■ WHAT THE TASK ASKS:
Which lines in the material below contain the word "Bluetooth"? Copy each of them.
_ _ _ _ _ _ _
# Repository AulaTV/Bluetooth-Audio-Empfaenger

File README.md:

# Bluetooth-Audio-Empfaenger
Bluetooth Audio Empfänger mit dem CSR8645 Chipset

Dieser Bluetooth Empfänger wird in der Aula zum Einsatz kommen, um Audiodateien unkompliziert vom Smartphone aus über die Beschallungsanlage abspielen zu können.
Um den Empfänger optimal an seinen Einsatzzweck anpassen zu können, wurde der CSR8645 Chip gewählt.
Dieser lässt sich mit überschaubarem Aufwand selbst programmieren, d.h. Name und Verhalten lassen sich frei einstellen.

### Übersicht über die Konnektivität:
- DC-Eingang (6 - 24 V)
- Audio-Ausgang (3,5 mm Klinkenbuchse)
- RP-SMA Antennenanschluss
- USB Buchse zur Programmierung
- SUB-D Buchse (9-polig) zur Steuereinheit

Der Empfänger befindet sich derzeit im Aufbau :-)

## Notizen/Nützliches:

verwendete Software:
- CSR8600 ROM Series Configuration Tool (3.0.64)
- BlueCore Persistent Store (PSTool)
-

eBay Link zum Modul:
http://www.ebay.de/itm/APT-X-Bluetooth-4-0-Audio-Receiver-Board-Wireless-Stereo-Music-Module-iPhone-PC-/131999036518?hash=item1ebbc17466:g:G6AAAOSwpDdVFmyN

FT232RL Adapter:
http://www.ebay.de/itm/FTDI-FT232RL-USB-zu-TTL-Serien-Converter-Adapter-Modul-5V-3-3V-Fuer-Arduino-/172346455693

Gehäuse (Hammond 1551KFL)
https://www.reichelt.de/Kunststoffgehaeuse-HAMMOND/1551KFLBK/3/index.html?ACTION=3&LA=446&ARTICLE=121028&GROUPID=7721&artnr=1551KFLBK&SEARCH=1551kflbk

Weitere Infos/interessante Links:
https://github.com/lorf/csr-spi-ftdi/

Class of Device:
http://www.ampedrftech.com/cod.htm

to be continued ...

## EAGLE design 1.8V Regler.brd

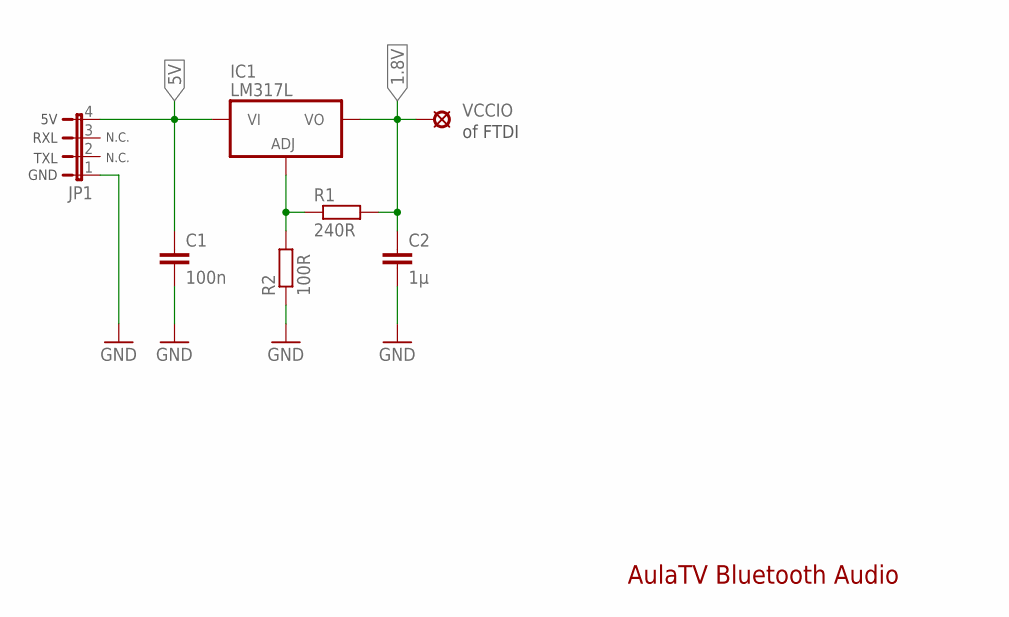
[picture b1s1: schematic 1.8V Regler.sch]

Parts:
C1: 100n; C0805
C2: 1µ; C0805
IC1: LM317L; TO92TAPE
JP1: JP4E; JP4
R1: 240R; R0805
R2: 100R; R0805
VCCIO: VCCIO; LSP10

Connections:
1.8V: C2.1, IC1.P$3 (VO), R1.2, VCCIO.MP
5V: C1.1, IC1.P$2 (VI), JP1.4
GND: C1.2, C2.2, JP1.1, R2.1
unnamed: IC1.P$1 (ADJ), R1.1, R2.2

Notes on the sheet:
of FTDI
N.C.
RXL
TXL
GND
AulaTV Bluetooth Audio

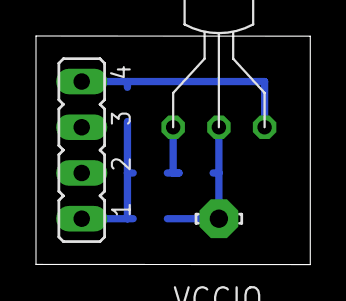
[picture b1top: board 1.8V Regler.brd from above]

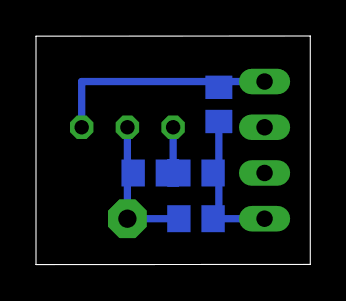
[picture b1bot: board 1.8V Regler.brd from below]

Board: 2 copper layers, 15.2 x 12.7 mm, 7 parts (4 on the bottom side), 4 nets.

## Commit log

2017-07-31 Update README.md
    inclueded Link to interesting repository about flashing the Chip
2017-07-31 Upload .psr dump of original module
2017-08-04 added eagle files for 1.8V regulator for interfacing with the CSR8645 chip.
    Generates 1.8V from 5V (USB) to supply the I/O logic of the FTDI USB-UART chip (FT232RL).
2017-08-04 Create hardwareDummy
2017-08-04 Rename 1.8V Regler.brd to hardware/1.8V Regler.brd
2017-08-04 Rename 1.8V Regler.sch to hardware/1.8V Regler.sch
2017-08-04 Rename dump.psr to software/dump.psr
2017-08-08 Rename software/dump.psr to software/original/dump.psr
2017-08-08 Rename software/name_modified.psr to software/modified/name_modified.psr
_ _ _ _ _ _ _
■ TASK RESULT:
# Repository AulaTV/Bluetooth-Audio-Empfaenger
# Bluetooth-Audio-Empfaenger
Bluetooth Audio Empfänger mit dem CSR8645 Chipset
Dieser Bluetooth Empfänger wird in der Aula zum Einsatz kommen, um Audiodateien unkompliziert vom Smartphone aus über die Beschallungsanlage abspielen zu können.
http://www.ebay.de/itm/APT-X-Bluetooth-4-0-Audio-Receiver-Board-Wireless-Stereo-Music-Module-iPhone-PC-/131999036518?hash=item1ebbc17466:g:G6AAAOSwpDdVFmyN
AulaTV Bluetooth Audio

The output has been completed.